Every single one of her posts is one of these links. Troll.


----------



## David Taggart (Nov 25, 2012)

Well, such articles are written for someone like her. I even can guess where all of this comes from. In order to control the nation certain methods are applied, and spreading fear is one of them. If people are generally scared - it is easier to control them. Fairy tales about the aliens coming to attack humans, bloodthirsty Soviets, brainwashed terrorists, or man eating dogs are put into news to shock phobia-conditioned brains in order to keep the phobia up. Just watch the words: "rip off arms"... Do you know what sort of strength should be applied to rip off the arm of an adult human? A heavy vehicle may do, provided that that man/woman was fixed hard to the ground. A human badly bitten by dogs normally dies of blood loss. But "blood loss" doesn't sound so impressive as a Halloween image of a "ripped off arm". LittleMissVimpire, probably, wants to greet us...


----------



## Magwart (Jul 8, 2012)

If you find these or any other posts annoying, there's a relatively easy fix...one I find improves my enjoyment of the forum:

Click <UserCP> at the top of the screen
Click <Edit Ignore List> in the list to the left
Type the User Name you wish to ignore in the box labeled "Add a Member to Your List..."
Click <Save Changes>

Voila! The posts will then disappear from your screen.


----------



## David Taggart (Nov 25, 2012)

I'm OK. Nice rubber toys for your dog actually: http://www.g oogle.com/search?q=hal...niv&sa=X&ei=4e9GVLeuJ82vaYi2gsAO&ved=0CCcQsAQ 
Not everyone in the street understands though.


----------



## Moriah (May 20, 2014)

Magwart said:


> If you find these or any other posts annoying, there's a relatively easy fix...one I find improves my enjoyment of the forum:
> 
> Click <UserCP> at the top of the screen
> Click <Edit Ignore List> in the list to the left
> ...


Thank You!!!:groovy:


----------



## selzer (May 7, 2005)

I disagree that we should just ignore when people are spreading around false impressions of our breed. 

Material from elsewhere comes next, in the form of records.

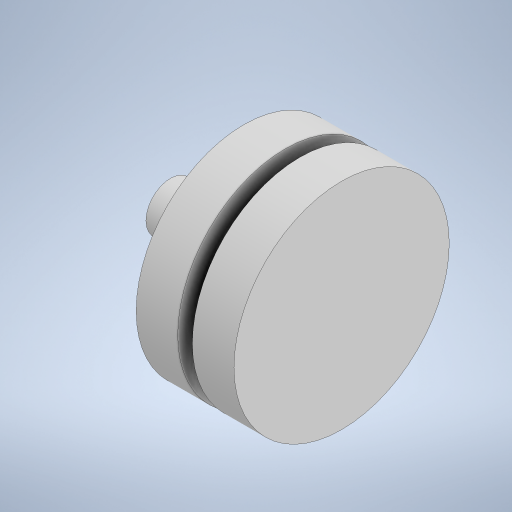
# Autodesk Inventor part: head and tail wheel
Saved by Autodesk Inventor 2024 (Build 280153000, 153)
## iProperties
Created: 2023-06-19
Part Number: head and tail wheel
Material: Generic
Document SubType Name: Modeling
Designer: dipes
Density: 1 g/cm^3
Appearance: Default
Author: dipes
Autodesk Inventor part; units mm, degrees
ref_plane "YZ Plane" through (0, 0, 0) normal (1, 0, 0) x (0, 1, 0)
ref_plane "XZ Plane" through (0, 0, 0) normal (0, 1, 0) x (-1, 0, 0)
ref_plane "XY Plane" through (0, 0, 0) normal (0, 0, 1) x (1, 0, 0)
sketch "Sketch1" plane through (0, 0, 0) normal (1, 0, 0) x (0, 1, 0)
  circle A0 centre (0, 0) radius 18
  dimension "d0" = 36
  constraints: 1 centre point, 1 coincident
  measures "d0" diameter of A0
extrude "Extrusion1" add sketch "Sketch1" along normal blind 10 and the other way blind 10
sketch "Sketch2" plane through (10, 0, 0) normal (1, 0, 0) x (0, 0, -1)
  circle A0 centre (0, 0) radius 22
  dimension "d5" = 44
  constraints: 1 centre point, 1 coincident
  measures "d5" diameter of A0
extrude "Extrusion2" add sketch "Sketch2" against normal blind 8.5
sketch "Sketch3" plane through (-10, 0, 0) normal (-1, 0, 0) x (0, 0, 1)
  circle A0 centre (0, 0) radius 22
  dimension "d8" = 44
  constraints: 1 centre point, 1 coincident
  measures "d8" diameter of A0
extrude "Extrusion3" add sketch "Sketch3" against normal blind 8.5
sketch "Sketch4" plane through (-10, 0, 0) normal (-1, 0, 0) x (0, 0, 1)
  circle A0 centre (0, 0) radius 2.5
  dimension "d11" = 5
  constraints: 1 centre point, 1 coincident
  measures "d11" diameter of A0
extrude "Extrusion4" add sketch "Sketch4" along normal blind 15
sketch "Sketch5" plane through (-10, 0, 0) normal (-1, 0, 0) x (0, 0, 1)
  circle A0 centre (0, 0) radius 2.5 projected
  circle A1 centre (0, 0) radius 5
  dimension "d14" = 10
  constraints: 1 centre point, 1 coincident
  measures "d14" diameter of A1
sketch "Sketch7" plane through (-25, 0, 0) normal (-1, 0, 0) x (0, 0, 1)
  point P0 (0, 0)
extrude "Extrusion6" add sketch "Sketch5" along normal blind 15 contours A0 | A1
sketch "Sketch8" plane through (10, 0, 0) normal (1, 0, 0) x (0, 0, -1)
  point P0 (0, 0)
  point P1 (0, 0)
  dimension "d20" = 0
  constraints: 1 coincident, 2 other
extrude "Extrusion7" [suppressed]
sketch "Sketch10" plane through (-25, 0, 0) normal (-1, 0, 0) x (0, 0, 1)
  line L0 (1.75, -2.6) -> (1.75, 2.6) projected
  line L1 (-1.75, -2.6) -> (1.75, -2.6)
  line L2 (1.75, -2.6) -> (1.75, 2.6)
  line L3 (1.75, 2.6) -> (-1.75, 2.6)
  line L4 (-1.75, 2.6) -> (-1.75, -2.6)
  line L5 (-1.75, -2.6) -> (1.75, 2.6) construction
  line L6 (1.75, -2.6) -> (-1.75, 2.6) construction
  point P0 (0, 0)
  dimension "d27" = 3.5
  constraints: 12 end point, 2 midpoint, 2 parallel, 1 horizontal, 1 perpendicular
  measures "d27" distance of L3.end L0.end
extrude "Extrusion9" cut sketch "Sketch10" against normal blind 10
sketch "Sketch13" plane through (-15, 0, 0) normal (-1, 0, 0) x (0, 0, 1)
  circle A0 centre (0, 0) radius 0.11 projected
  circle A1 centre (0, 0) radius 0.11
  dimension "d33" = 0.22
  constraints: 1 centre point, 1 coincident
  measures "d33" diameter of A1
extrude "Extrusion11" cut sketch "Sketch13" against normal blind 10
body "Solid1"

The dogs in question were at an unlicensed training facility with 99 dogs give or take. These aren't your typical family dogs, they are not your typical, weak-nerved reactive dogs. These are dogs, whose training probably includes increasing aggression, encouraging or compelling the dog to continue attacking, and a general lack of socialization with any humans other than their trainers/owners. And how much can a pair of guys do with 99 dogs? 

When someone specifically points out rare, individual instances where a dog does something wrong, I think it makes sense to point out how many of these dogs are out there, and what percentage of dogs actually do as these dogs did.


----------



## Castlemaid (Jun 29, 2006)

Good point to end on Selzer. 

Locking this now, doesn't serve much purpose.


----------